__Supplied entries__.

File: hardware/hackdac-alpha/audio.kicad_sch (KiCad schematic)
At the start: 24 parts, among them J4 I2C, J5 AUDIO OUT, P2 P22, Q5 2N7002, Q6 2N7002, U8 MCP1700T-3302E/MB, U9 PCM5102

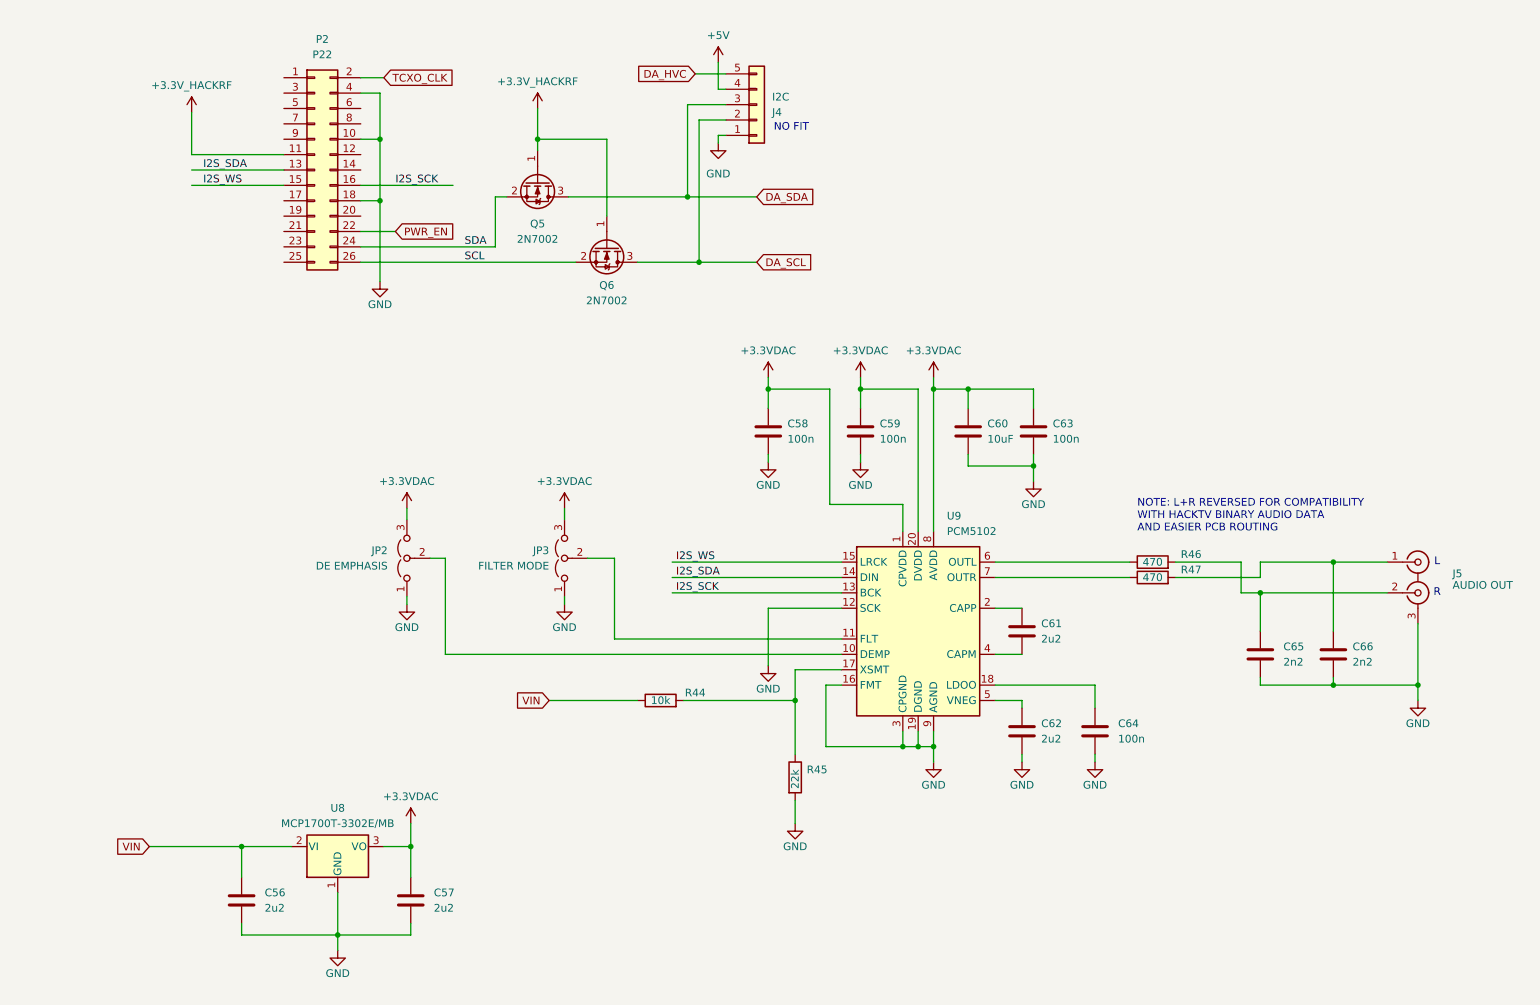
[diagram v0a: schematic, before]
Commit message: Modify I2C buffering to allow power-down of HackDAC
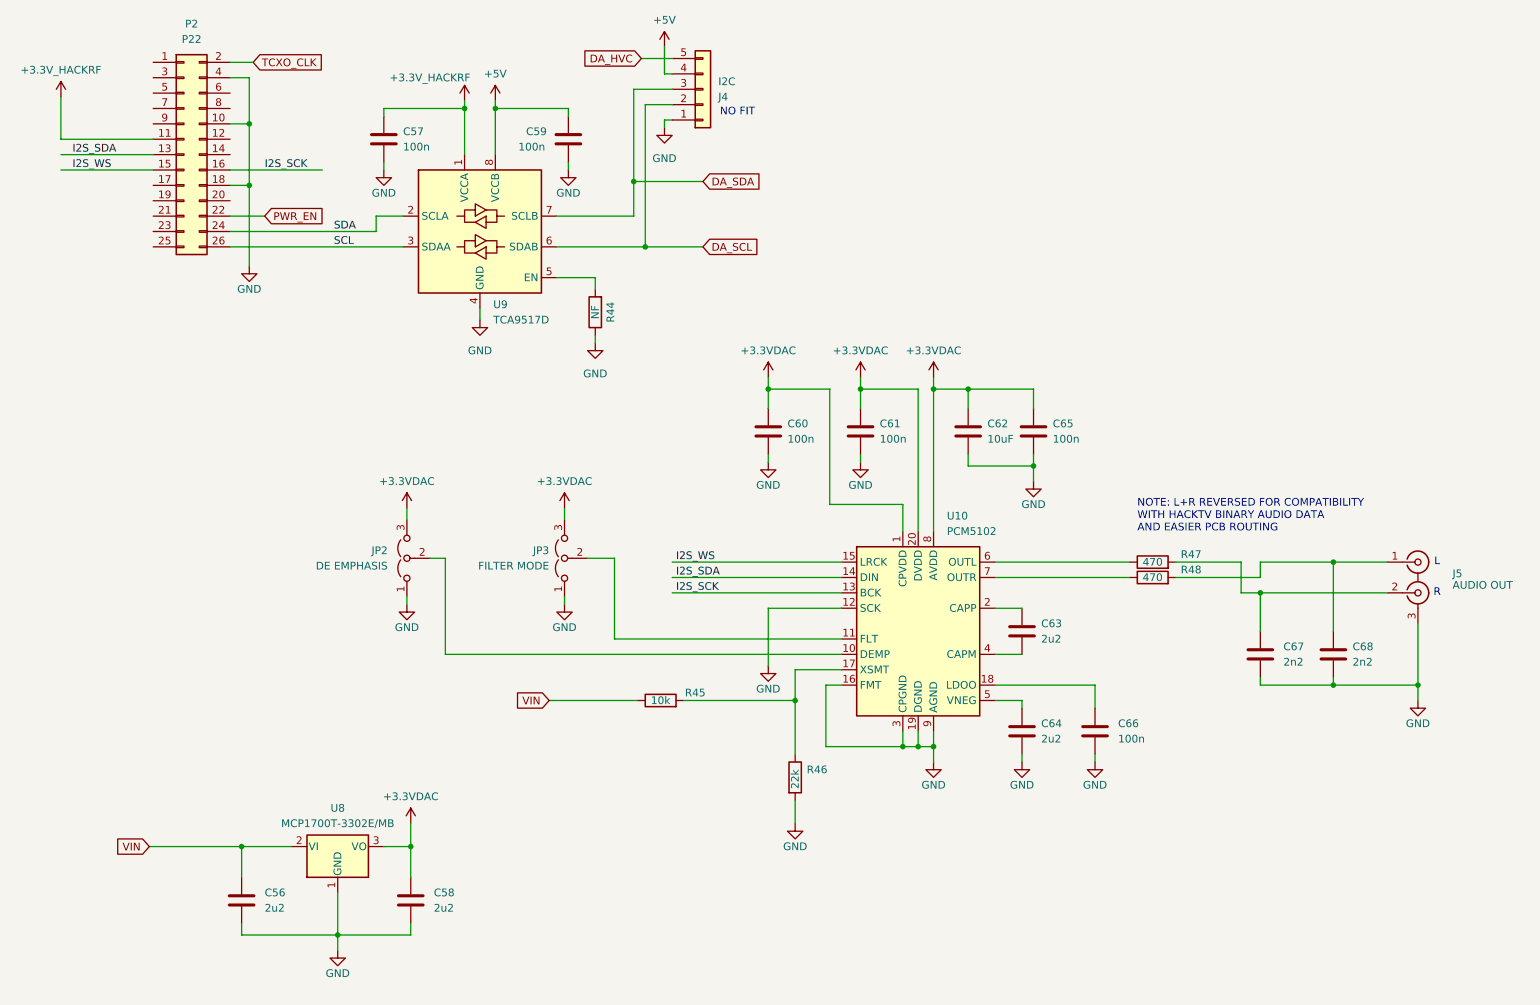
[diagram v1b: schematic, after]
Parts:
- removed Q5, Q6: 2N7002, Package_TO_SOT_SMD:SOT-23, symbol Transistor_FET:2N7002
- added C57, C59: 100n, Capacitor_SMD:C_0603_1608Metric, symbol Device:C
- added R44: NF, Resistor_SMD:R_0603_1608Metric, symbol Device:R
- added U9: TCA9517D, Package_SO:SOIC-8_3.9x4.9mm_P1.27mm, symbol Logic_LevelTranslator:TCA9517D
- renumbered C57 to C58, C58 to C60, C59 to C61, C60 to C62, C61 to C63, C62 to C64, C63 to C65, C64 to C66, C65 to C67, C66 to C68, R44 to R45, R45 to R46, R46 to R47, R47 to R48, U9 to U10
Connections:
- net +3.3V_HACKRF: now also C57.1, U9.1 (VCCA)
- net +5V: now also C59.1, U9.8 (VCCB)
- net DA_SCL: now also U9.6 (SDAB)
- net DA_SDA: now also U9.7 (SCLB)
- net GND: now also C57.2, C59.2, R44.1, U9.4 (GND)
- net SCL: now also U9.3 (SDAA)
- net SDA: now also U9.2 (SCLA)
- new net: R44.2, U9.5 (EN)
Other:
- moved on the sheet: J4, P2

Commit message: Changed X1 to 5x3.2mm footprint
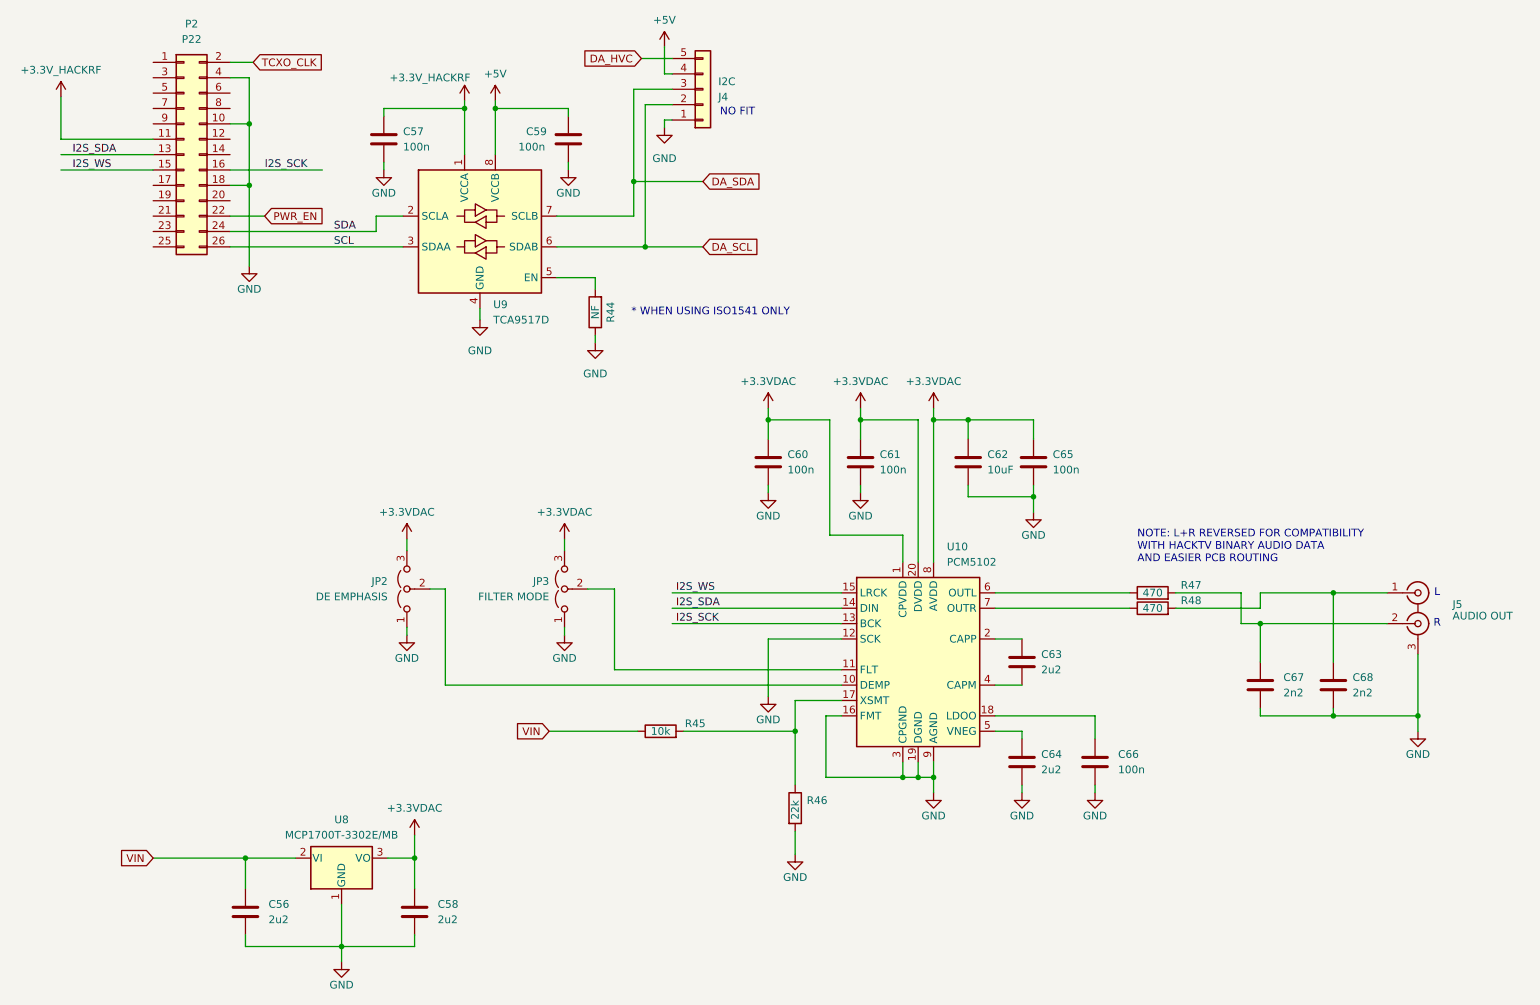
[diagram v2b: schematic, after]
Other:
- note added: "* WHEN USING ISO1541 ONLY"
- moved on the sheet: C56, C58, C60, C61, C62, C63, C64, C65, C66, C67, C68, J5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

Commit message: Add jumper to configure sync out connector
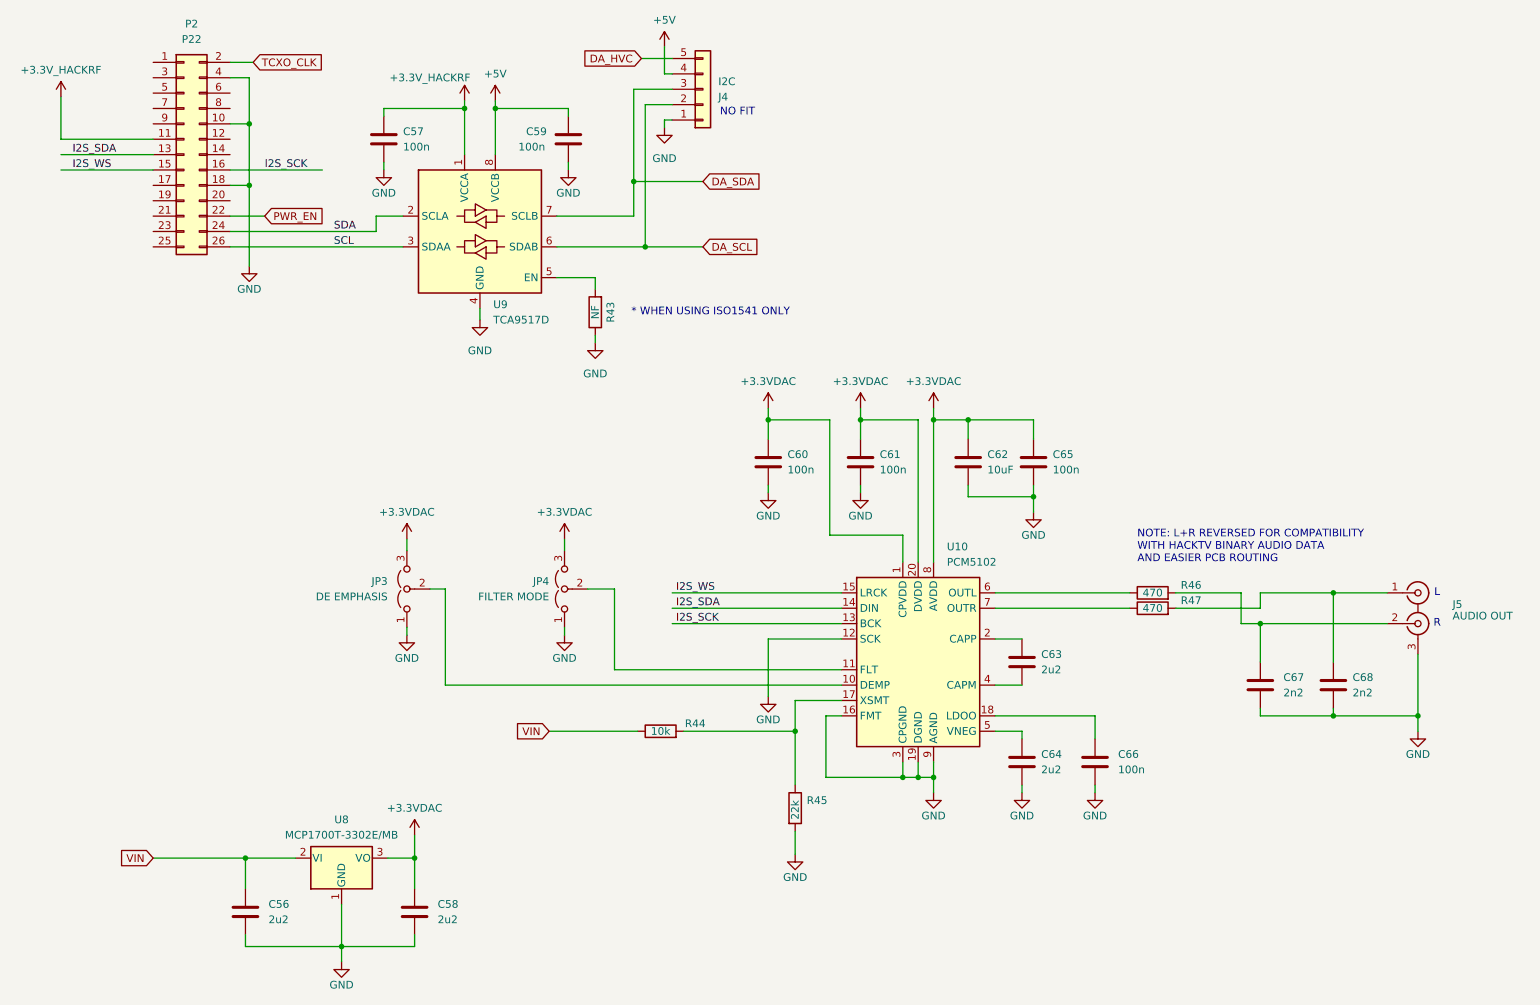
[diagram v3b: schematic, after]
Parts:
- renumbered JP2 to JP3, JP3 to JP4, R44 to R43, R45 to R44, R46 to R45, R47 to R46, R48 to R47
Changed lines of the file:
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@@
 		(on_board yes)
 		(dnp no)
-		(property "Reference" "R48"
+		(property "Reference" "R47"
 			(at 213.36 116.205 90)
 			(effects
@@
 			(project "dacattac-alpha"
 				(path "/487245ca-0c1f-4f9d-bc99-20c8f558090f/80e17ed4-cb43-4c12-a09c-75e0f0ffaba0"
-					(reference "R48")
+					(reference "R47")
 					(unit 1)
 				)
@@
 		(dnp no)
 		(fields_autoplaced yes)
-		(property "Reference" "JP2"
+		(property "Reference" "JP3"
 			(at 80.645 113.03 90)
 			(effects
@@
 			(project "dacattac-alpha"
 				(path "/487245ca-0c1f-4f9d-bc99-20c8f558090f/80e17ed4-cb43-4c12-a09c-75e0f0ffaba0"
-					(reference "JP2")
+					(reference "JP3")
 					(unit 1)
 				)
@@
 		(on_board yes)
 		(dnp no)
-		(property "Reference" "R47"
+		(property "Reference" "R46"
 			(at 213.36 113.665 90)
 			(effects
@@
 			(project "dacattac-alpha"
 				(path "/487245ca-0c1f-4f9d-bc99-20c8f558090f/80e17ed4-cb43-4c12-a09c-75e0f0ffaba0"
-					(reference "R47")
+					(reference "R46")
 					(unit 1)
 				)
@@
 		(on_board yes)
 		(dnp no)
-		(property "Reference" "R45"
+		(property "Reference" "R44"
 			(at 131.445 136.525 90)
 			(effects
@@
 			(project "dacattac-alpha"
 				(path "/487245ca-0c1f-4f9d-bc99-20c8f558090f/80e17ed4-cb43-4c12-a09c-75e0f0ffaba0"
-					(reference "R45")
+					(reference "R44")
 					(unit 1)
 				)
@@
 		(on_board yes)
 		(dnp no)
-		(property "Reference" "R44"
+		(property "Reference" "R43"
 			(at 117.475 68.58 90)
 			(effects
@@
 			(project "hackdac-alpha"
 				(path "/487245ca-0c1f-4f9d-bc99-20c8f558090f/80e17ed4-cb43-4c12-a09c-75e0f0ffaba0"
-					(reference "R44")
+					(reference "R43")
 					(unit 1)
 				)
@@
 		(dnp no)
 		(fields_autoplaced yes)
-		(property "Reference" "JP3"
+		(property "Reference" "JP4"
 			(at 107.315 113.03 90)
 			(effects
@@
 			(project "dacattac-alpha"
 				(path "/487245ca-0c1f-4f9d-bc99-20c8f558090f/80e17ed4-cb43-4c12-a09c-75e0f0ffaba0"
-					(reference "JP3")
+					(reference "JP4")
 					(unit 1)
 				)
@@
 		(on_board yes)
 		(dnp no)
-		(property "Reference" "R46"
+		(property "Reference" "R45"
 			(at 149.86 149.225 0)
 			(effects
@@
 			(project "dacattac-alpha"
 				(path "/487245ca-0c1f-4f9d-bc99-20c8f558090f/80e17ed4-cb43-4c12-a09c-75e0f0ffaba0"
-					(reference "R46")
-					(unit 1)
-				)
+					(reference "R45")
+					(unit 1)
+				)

__Goal of the exercise__. Begin at the first line of the listing and print each line exactly. Stop after the line containing "- net +5V: now also C59.1, U9.8 (VCCB)", and omit all pictures.

__Output for this task__.
File: hardware/hackdac-alpha/audio.kicad_sch (KiCad schematic)
At the start: 24 parts, among them J4 I2C, J5 AUDIO OUT, P2 P22, Q5 2N7002, Q6 2N7002, U8 MCP1700T-3302E/MB, U9 PCM5102

[diagram v0a: schematic, before]
Commit message: Modify I2C buffering to allow power-down of HackDAC
[diagram v1b: schematic, after]
Parts:
- removed Q5, Q6: 2N7002, Package_TO_SOT_SMD:SOT-23, symbol Transistor_FET:2N7002
- added C57, C59: 100n, Capacitor_SMD:C_0603_1608Metric, symbol Device:C
- added R44: NF, Resistor_SMD:R_0603_1608Metric, symbol Device:R
- added U9: TCA9517D, Package_SO:SOIC-8_3.9x4.9mm_P1.27mm, symbol Logic_LevelTranslator:TCA9517D
- renumbered C57 to C58, C58 to C60, C59 to C61, C60 to C62, C61 to C63, C62 to C64, C63 to C65, C64 to C66, C65 to C67, C66 to C68, R44 to R45, R45 to R46, R46 to R47, R47 to R48, U9 to U10
Connections:
- net +3.3V_HACKRF: now also C57.1, U9.1 (VCCA)
- net +5V: now also C59.1, U9.8 (VCCB)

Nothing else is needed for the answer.